Exercise: Please return each entry exactly as it appears, but not the pictures.

----- Dataset entries -----

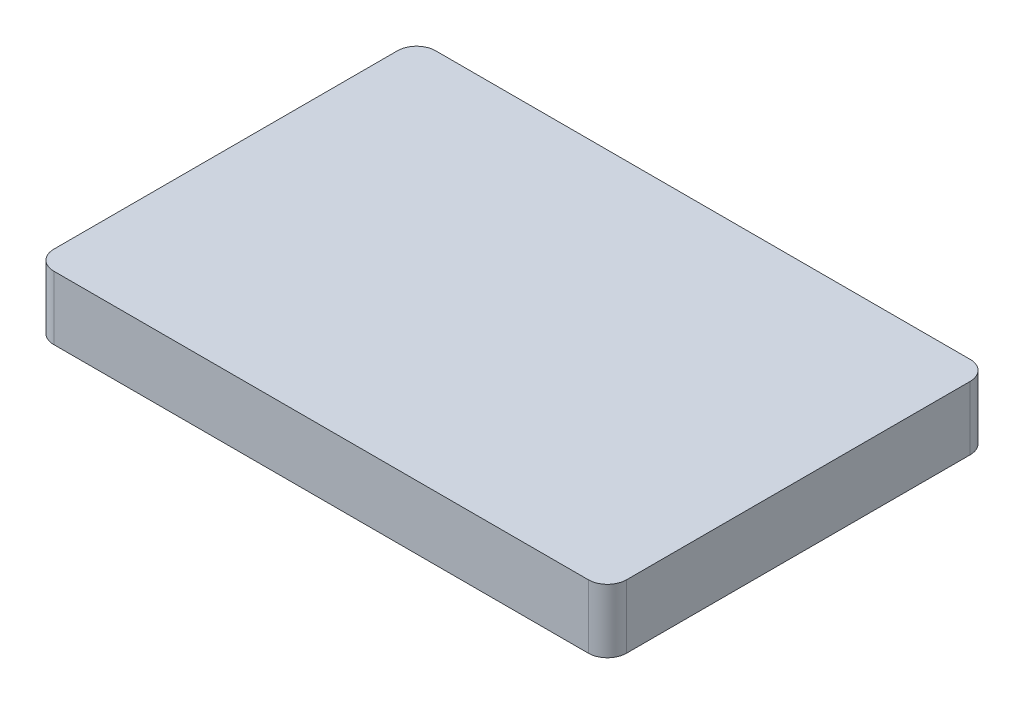
from build123d import *

# Parameters (mm, degrees)
SKETCH_1_W      = 90
SKETCH_1_H      = 60
EXTRUDE_1_DEPTH = 10
FILLET_1_R      = 3


with BuildPart() as part:
    # 草图1 → 凸台-拉伸1 (new body)
    with BuildSketch(Plane(origin=(0, 0, 0), x_dir=(1, 0, 0), z_dir=(0, 1, 0))):
        Rectangle(SKETCH_1_W, SKETCH_1_H)
    extrude(amount=EXTRUDE_1_DEPTH)

    # 圆角1
    fillet_1_edges = [part.edges().sort_by_distance(p)[0] for p in [
        (-45, 5, -30),
        (45, 5, -30),
        (45, 5, 30),
        (-45, 5, 30),
    ]]
    fillet(fillet_1_edges, radius=FILLET_1_R)


solid = part.part

-----

Solved exercise:
from build123d import *

# Parameters (mm, degrees)
SKETCH_1_W      = 90
SKETCH_1_H      = 60
EXTRUDE_1_DEPTH = 10
FILLET_1_R      = 3


with BuildPart() as part:
    # 草图1 → 凸台-拉伸1 (new body)
    with BuildSketch(Plane(origin=(0, 0, 0), x_dir=(1, 0, 0), z_dir=(0, 1, 0))):
        Rectangle(SKETCH_1_W, SKETCH_1_H)
    extrude(amount=EXTRUDE_1_DEPTH)

    # 圆角1
    fillet_1_edges = [part.edges().sort_by_distance(p)[0] for p in [
        (-45, 5, -30),
        (45, 5, -30),
        (45, 5, 30),
        (-45, 5, 30),
    ]]
    fillet(fillet_1_edges, radius=FILLET_1_R)


solid = part.part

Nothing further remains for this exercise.